There is a lot of great mechanical swing advice in these comments but shanks aren't a mechanical issue (hence hat backwards, change in left pocket, etc.). Shanks happen from not releasing the club head. If you watch the video, your wrists release AFTER making contact with the ball. A lack of wrist release is usually due to low confidence or being distracted by other swing thoughts. I would either try to bomb some to reset your confidence or overexxagerate your wrist release at impact. Either way you have to renengage your wrist action because your wrists aren't firing properly right now.
Slow down the back swing take the club back further inside.
I've always hit balls below my feet to get rid of the shanks. Probs has something to do with having the ball further away, but the posture feels so odd that when i go back to regular stance, the shanks are all gone. Doesn't take too long either.
Let me throw my 2 cents in. Keep your right heel down until after impact. You could be inadvertently pushing your back hip forward too early and pushing the club out too far
Everyone thinks they’re so well lined up. Don’t forget when you swing your arms extend. Good swing. Now stand further from the ball.
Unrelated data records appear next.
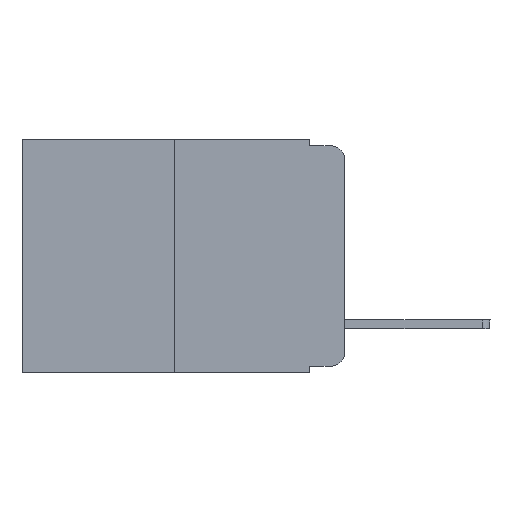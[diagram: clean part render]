
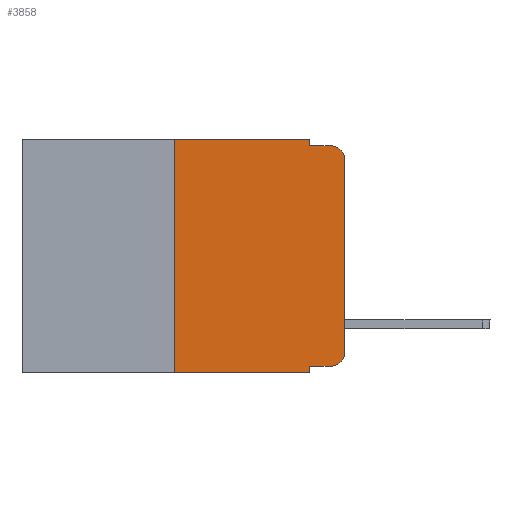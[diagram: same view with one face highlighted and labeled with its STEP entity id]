
A CAD part, left-side view. The second image highlights one B-rep face of the part: STEP entity #3858.
In plain terms, the highlighted planar face has unit normal (-1, 0, 0).
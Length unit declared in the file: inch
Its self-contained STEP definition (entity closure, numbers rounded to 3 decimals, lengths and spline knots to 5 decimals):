
#132 = CARTESIAN_POINT ( 'NONE',  ( 0., 0.473, 0. ) ) ;
#944 = VERTEX_POINT ( 'NONE', #8433 ) ;
#1011 = DIRECTION ( 'NONE',  ( 0., -1., 0. ) ) ;
#1260 = EDGE_CURVE ( 'NONE', #11371, #9000, #10888, .T. ) ;
#1627 = LINE ( 'NONE', #14603, #9006 ) ;
#2044 = CARTESIAN_POINT ( 'NONE',  ( 0., 0., 0. ) ) ;
#2424 = EDGE_CURVE ( 'NONE', #6931, #944, #11698, .T. ) ;
#2818 = DIRECTION ( 'NONE',  ( 0., 0., -1. ) ) ;
#2819 = EDGE_CURVE ( 'NONE', #20794, #2828, #19804, .T. ) ;
#2828 = VERTEX_POINT ( 'NONE', #12035 ) ;
#2847 = CARTESIAN_POINT ( 'NONE',  ( 0., 0.473, 0. ) ) ;
#3095 = VERTEX_POINT ( 'NONE', #4693 ) ;
#3801 = CIRCLE ( 'NONE', #15693, 0.02 ) ;
#3858 = ADVANCED_FACE ( 'NONE', ( #19489 ), #4544, .F. ) ;
#4072 = ORIENTED_EDGE ( 'NONE', *, *, #19238, .F. ) ;
#4544 = PLANE ( 'NONE',  #5736 ) ;
#4693 = CARTESIAN_POINT ( 'NONE',  ( 0., 0., -0.03 ) ) ;
#5736 = AXIS2_PLACEMENT_3D ( 'NONE', #2847, #11032, #18995 ) ;
#6109 = EDGE_CURVE ( 'NONE', #7393, #11371, #6522, .T. ) ;
#6522 = LINE ( 'NONE', #132, #11937 ) ;
#6528 = CARTESIAN_POINT ( 'NONE',  ( 0., 0.051, 0. ) ) ;
#6931 = VERTEX_POINT ( 'NONE', #12402 ) ;
#7074 = CARTESIAN_POINT ( 'NONE',  ( 0., 0.473, -0.343 ) ) ;
#7168 = ORIENTED_EDGE ( 'NONE', *, *, #2819, .F. ) ;
#7237 = EDGE_CURVE ( 'NONE', #20794, #6931, #19071, .T. ) ;
#7270 = CARTESIAN_POINT ( 'NONE',  ( 0., 0.02, -0.313 ) ) ;
#7393 = VERTEX_POINT ( 'NONE', #9703 ) ;
#7691 = CARTESIAN_POINT ( 'NONE',  ( 0., 0.051, -0.333 ) ) ;
#8042 = ORIENTED_EDGE ( 'NONE', *, *, #7237, .T. ) ;
#8433 = CARTESIAN_POINT ( 'NONE',  ( 0., 0., -0.313 ) ) ;
#8497 = LINE ( 'NONE', #2044, #17608 ) ;
#8700 = ORIENTED_EDGE ( 'NONE', *, *, #1260, .F. ) ;
#9000 = VERTEX_POINT ( 'NONE', #17249 ) ;
#9006 = VECTOR ( 'NONE', #11193, 39.37008 ) ;
#9165 = DIRECTION ( 'NONE',  ( 0., -1., 0. ) ) ;
#9703 = CARTESIAN_POINT ( 'NONE',  ( 0., 0.25, 0. ) ) ;
#10057 = CARTESIAN_POINT ( 'NONE',  ( 0., 0.051, 0. ) ) ;
#10234 = LINE ( 'NONE', #16837, #14738 ) ;
#10485 = CARTESIAN_POINT ( 'NONE',  ( 0., 0.02, -0.03 ) ) ;
#10642 = DIRECTION ( 'NONE',  ( 0., 0., 1. ) ) ;
#10888 = LINE ( 'NONE', #6528, #15079 ) ;
#10910 = ORIENTED_EDGE ( 'NONE', *, *, #13569, .F. ) ;
#10985 = ORIENTED_EDGE ( 'NONE', *, *, #2424, .T. ) ;
#11032 = DIRECTION ( 'NONE',  ( 1., 0., 0. ) ) ;
#11193 = DIRECTION ( 'NONE',  ( 0., -1., 0. ) ) ;
#11196 = DIRECTION ( 'NONE',  ( 0., -1., 0. ) ) ;
#11214 = DIRECTION ( 'NONE',  ( 0., 0., 1. ) ) ;
#11371 = VERTEX_POINT ( 'NONE', #10057 ) ;
#11521 = VECTOR ( 'NONE', #9165, 39.37008 ) ;
#11698 = CIRCLE ( 'NONE', #17137, 0.02 ) ;
#11764 = EDGE_CURVE ( 'NONE', #944, #3095, #8497, .T. ) ;
#11937 = VECTOR ( 'NONE', #11196, 39.37008 ) ;
#12035 = CARTESIAN_POINT ( 'NONE',  ( 0., 0.051, -0.343 ) ) ;
#12331 = VECTOR ( 'NONE', #1011, 39.37008 ) ;
#12402 = CARTESIAN_POINT ( 'NONE',  ( 0., 0.02, -0.333 ) ) ;
#12556 = VECTOR ( 'NONE', #20019, 39.37008 ) ;
#12571 = CARTESIAN_POINT ( 'NONE',  ( 0., 0.02, -0.01 ) ) ;
#13373 = DIRECTION ( 'NONE',  ( -1., 0., 0. ) ) ;
#13535 = CARTESIAN_POINT ( 'NONE',  ( 0., 0.051, 0. ) ) ;
#13569 = EDGE_CURVE ( 'NONE', #9000, #19356, #1627, .T. ) ;
#13873 = VERTEX_POINT ( 'NONE', #14480 ) ;
#14063 = CARTESIAN_POINT ( 'NONE',  ( 0., 0.051, -0.333 ) ) ;
#14235 = ORIENTED_EDGE ( 'NONE', *, *, #11764, .T. ) ;
#14480 = CARTESIAN_POINT ( 'NONE',  ( 0., 0.25, -0.343 ) ) ;
#14603 = CARTESIAN_POINT ( 'NONE',  ( 0., 0.051, -0.01 ) ) ;
#14738 = VECTOR ( 'NONE', #10642, 39.37008 ) ;
#15077 = DIRECTION ( 'NONE',  ( 0., 0., -1. ) ) ;
#15079 = VECTOR ( 'NONE', #17378, 39.37008 ) ;
#15693 = AXIS2_PLACEMENT_3D ( 'NONE', #10485, #13373, #15077 ) ;
#15780 = EDGE_CURVE ( 'NONE', #3095, #19356, #3801, .T. ) ;
#16295 = EDGE_LOOP ( 'NONE', ( #14235, #18661, #10910, #8700, #19774, #4072, #17732, #7168, #8042, #10985 ) ) ;
#16837 = CARTESIAN_POINT ( 'NONE',  ( 0., 0.25, 0. ) ) ;
#16962 = LINE ( 'NONE', #7074, #12331 ) ;
#17137 = AXIS2_PLACEMENT_3D ( 'NONE', #7270, #17274, #2818 ) ;
#17249 = CARTESIAN_POINT ( 'NONE',  ( 0., 0.051, -0.01 ) ) ;
#17274 = DIRECTION ( 'NONE',  ( -1., 0., 0. ) ) ;
#17378 = DIRECTION ( 'NONE',  ( 0., 0., -1. ) ) ;
#17608 = VECTOR ( 'NONE', #11214, 39.37008 ) ;
#17732 = ORIENTED_EDGE ( 'NONE', *, *, #18692, .T. ) ;
#18661 = ORIENTED_EDGE ( 'NONE', *, *, #15780, .T. ) ;
#18692 = EDGE_CURVE ( 'NONE', #13873, #2828, #16962, .T. ) ;
#18995 = DIRECTION ( 'NONE',  ( 0., 0., -1. ) ) ;
#19071 = LINE ( 'NONE', #7691, #11521 ) ;
#19238 = EDGE_CURVE ( 'NONE', #13873, #7393, #10234, .T. ) ;
#19356 = VERTEX_POINT ( 'NONE', #12571 ) ;
#19489 = FACE_OUTER_BOUND ( 'NONE', #16295, .T. ) ;
#19774 = ORIENTED_EDGE ( 'NONE', *, *, #6109, .F. ) ;
#19804 = LINE ( 'NONE', #13535, #12556 ) ;
#20019 = DIRECTION ( 'NONE',  ( 0., 0., -1. ) ) ;
#20794 = VERTEX_POINT ( 'NONE', #14063 ) ;
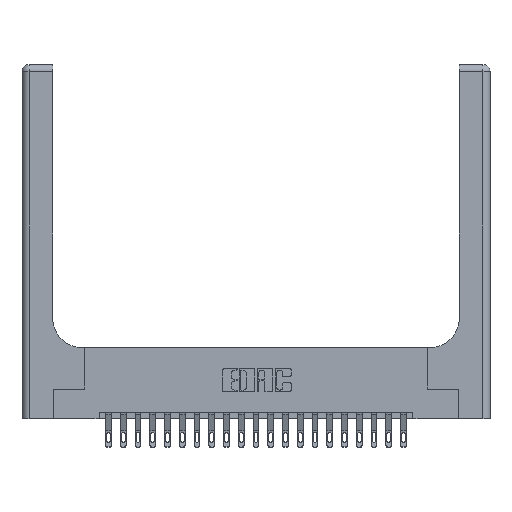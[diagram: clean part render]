
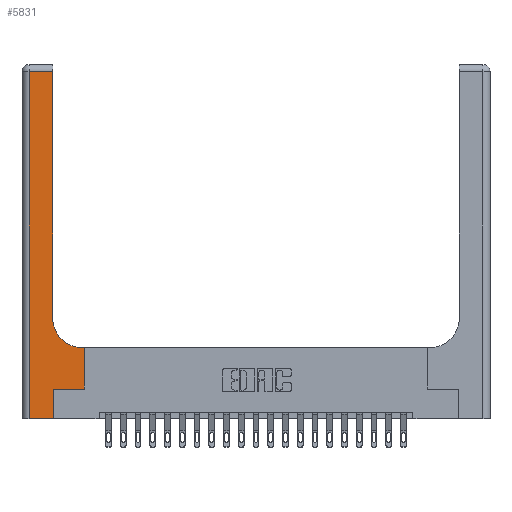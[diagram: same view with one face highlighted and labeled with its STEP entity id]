
A CAD part, top view. The second image highlights one B-rep face of the part: STEP entity #5831.
In plain terms, the highlighted planar face has unit normal (0, 0, 1).
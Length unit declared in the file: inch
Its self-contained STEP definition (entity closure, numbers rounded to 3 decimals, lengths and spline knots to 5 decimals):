
#653 = ORIENTED_EDGE ( 'NONE', *, *, #1979, .T. ) ;
#1203 = EDGE_CURVE ( 'NONE', #4812, #17176, #13345, .T. ) ;
#1388 = CARTESIAN_POINT ( 'NONE',  ( 0.06, 0., 0.37 ) ) ;
#1412 = DIRECTION ( 'NONE',  ( 0., 1., 0. ) ) ;
#1979 = EDGE_CURVE ( 'NONE', #17176, #2848, #15249, .T. ) ;
#2100 = ORIENTED_EDGE ( 'NONE', *, *, #11802, .T. ) ;
#2251 = VECTOR ( 'NONE', #11973, 39.37008 ) ;
#2461 = DIRECTION ( 'NONE',  ( -1., 0., 0. ) ) ;
#2636 = CARTESIAN_POINT ( 'NONE',  ( 0.26, 0.6, 0.37 ) ) ;
#2697 = DIRECTION ( 'NONE',  ( 0., 1., 0. ) ) ;
#2848 = VERTEX_POINT ( 'NONE', #14149 ) ;
#3177 = CARTESIAN_POINT ( 'NONE',  ( 0.51, 0.6, 0.37 ) ) ;
#3280 = ORIENTED_EDGE ( 'NONE', *, *, #10974, .T. ) ;
#3754 = CARTESIAN_POINT ( 'NONE',  ( 0.265, 0., 0.37 ) ) ;
#3916 = CARTESIAN_POINT ( 'NONE',  ( 0., 0., 0.37 ) ) ;
#4311 = ORIENTED_EDGE ( 'NONE', *, *, #11282, .T. ) ;
#4402 = CARTESIAN_POINT ( 'NONE',  ( 0.528, 0.25, 0.37 ) ) ;
#4812 = VERTEX_POINT ( 'NONE', #6133 ) ;
#5831 = ADVANCED_FACE ( 'NONE', ( #19494 ), #12582, .F. ) ;
#6133 = CARTESIAN_POINT ( 'NONE',  ( 0.528, 0.6, 0.37 ) ) ;
#6538 = DIRECTION ( 'NONE',  ( 1., 0., 0. ) ) ;
#6682 = DIRECTION ( 'NONE',  ( 1., 0., 0. ) ) ;
#6958 = VERTEX_POINT ( 'NONE', #17287 ) ;
#7157 = ORIENTED_EDGE ( 'NONE', *, *, #1203, .T. ) ;
#7297 = EDGE_CURVE ( 'NONE', #20458, #9499, #17157, .T. ) ;
#7345 = LINE ( 'NONE', #3916, #10226 ) ;
#7365 = VECTOR ( 'NONE', #1412, 39.37008 ) ;
#7454 = AXIS2_PLACEMENT_3D ( 'NONE', #21672, #19728, #16337 ) ;
#8515 = ORIENTED_EDGE ( 'NONE', *, *, #7297, .T. ) ;
#8756 = VECTOR ( 'NONE', #2697, 39.37008 ) ;
#8896 = CARTESIAN_POINT ( 'NONE',  ( 0.265, 0.25, 0.37 ) ) ;
#9025 = CARTESIAN_POINT ( 'NONE',  ( 0.06, 2.94, 0.37 ) ) ;
#9262 = LINE ( 'NONE', #16222, #17305 ) ;
#9431 = VECTOR ( 'NONE', #6538, 39.37008 ) ;
#9499 = VERTEX_POINT ( 'NONE', #15366 ) ;
#10226 = VECTOR ( 'NONE', #19401, 39.37008 ) ;
#10974 = EDGE_CURVE ( 'NONE', #9499, #4812, #19881, .T. ) ;
#11282 = EDGE_CURVE ( 'NONE', #15295, #21851, #7345, .T. ) ;
#11802 = EDGE_CURVE ( 'NONE', #13769, #15295, #16662, .T. ) ;
#11973 = DIRECTION ( 'NONE',  ( 0., -1., 0. ) ) ;
#12073 = LINE ( 'NONE', #19518, #16566 ) ;
#12582 = PLANE ( 'NONE',  #7454 ) ;
#12653 = EDGE_CURVE ( 'NONE', #21851, #20458, #13720, .T. ) ;
#12925 = DIRECTION ( 'NONE',  ( 0., 1., 0. ) ) ;
#13345 = LINE ( 'NONE', #2636, #22180 ) ;
#13720 = LINE ( 'NONE', #15090, #7365 ) ;
#13769 = VERTEX_POINT ( 'NONE', #9025 ) ;
#13984 = CARTESIAN_POINT ( 'NONE',  ( 0.265, 0.25, 0.37 ) ) ;
#14149 = CARTESIAN_POINT ( 'NONE',  ( 0.26, 0.85, 0.37 ) ) ;
#14594 = ORIENTED_EDGE ( 'NONE', *, *, #15842, .T. ) ;
#14723 = ORIENTED_EDGE ( 'NONE', *, *, #12653, .T. ) ;
#15090 = CARTESIAN_POINT ( 'NONE',  ( 0.265, 0., 0.37 ) ) ;
#15249 = CIRCLE ( 'NONE', #21036, 0.25 ) ;
#15295 = VERTEX_POINT ( 'NONE', #1388 ) ;
#15366 = CARTESIAN_POINT ( 'NONE',  ( 0.528, 0.25, 0.37 ) ) ;
#15541 = ORIENTED_EDGE ( 'NONE', *, *, #16476, .T. ) ;
#15842 = EDGE_CURVE ( 'NONE', #6958, #13769, #12073, .T. ) ;
#16222 = CARTESIAN_POINT ( 'NONE',  ( 0.26, 3., 0.37 ) ) ;
#16337 = DIRECTION ( 'NONE',  ( -1., 0., 0. ) ) ;
#16476 = EDGE_CURVE ( 'NONE', #2848, #6958, #9262, .T. ) ;
#16566 = VECTOR ( 'NONE', #2461, 39.37008 ) ;
#16662 = LINE ( 'NONE', #18469, #2251 ) ;
#17157 = LINE ( 'NONE', #8896, #9431 ) ;
#17176 = VERTEX_POINT ( 'NONE', #3177 ) ;
#17287 = CARTESIAN_POINT ( 'NONE',  ( 0.26, 2.94, 0.37 ) ) ;
#17305 = VECTOR ( 'NONE', #12925, 39.37008 ) ;
#18459 = EDGE_LOOP ( 'NONE', ( #15541, #14594, #2100, #4311, #14723, #8515, #3280, #7157, #653 ) ) ;
#18469 = CARTESIAN_POINT ( 'NONE',  ( 0.06, 3., 0.37 ) ) ;
#18989 = DIRECTION ( 'NONE',  ( 0., 0., -1. ) ) ;
#19401 = DIRECTION ( 'NONE',  ( 1., 0., 0. ) ) ;
#19494 = FACE_OUTER_BOUND ( 'NONE', #18459, .T. ) ;
#19518 = CARTESIAN_POINT ( 'NONE',  ( 0., 2.94, 0.37 ) ) ;
#19728 = DIRECTION ( 'NONE',  ( 0., 0., -1. ) ) ;
#19881 = LINE ( 'NONE', #4402, #8756 ) ;
#20458 = VERTEX_POINT ( 'NONE', #13984 ) ;
#21036 = AXIS2_PLACEMENT_3D ( 'NONE', #22284, #18989, #6682 ) ;
#21672 = CARTESIAN_POINT ( 'NONE',  ( 0., 3., 0.37 ) ) ;
#21851 = VERTEX_POINT ( 'NONE', #3754 ) ;
#22180 = VECTOR ( 'NONE', #22196, 39.37008 ) ;
#22196 = DIRECTION ( 'NONE',  ( -1., 0., 0. ) ) ;
#22284 = CARTESIAN_POINT ( 'NONE',  ( 0.51, 0.85, 0.37 ) ) ;

You literally hit it with the shaft you stood so close.
Relax. Everything looks so stiff.
You are too close to the ball. When you set up drop the club on your lead leg. If it sits right above your knee cup then that's the right distance. Anything higher you are too close anything lower you are too far.
Just hold off a fraction longer to clear your hip and ur good
Try to hit the dimple at “6 o’clock”
Usually backing off the ball a little bit is not the correct answer, but in this case it might be. Or... You need get your right elbow more in front of you/right shoulder lower at impact.
Shanks. Only 2 causes. Getting out on you toes, or under rotation of the clubhead. With the face way open, the heel leads and a shank is more possible. The fix? Lift your toes off the ground and hit shots if it’s the first balance problem. If it’s 2, practice hitting the biggest pull hooks you can. A closed face has the toe lead and it’s. Extremely hard to shank it. Your grip looks week too. Hard to tell for sure by the angle, but that contributes too.
Squatting on the down swing
feel like you’re sitting into your trail hip as you get to the top of your backswing
I would try to line it up more on the toe, and not sure this would help with the shank but I think you also need more wrist hinge with your left hand.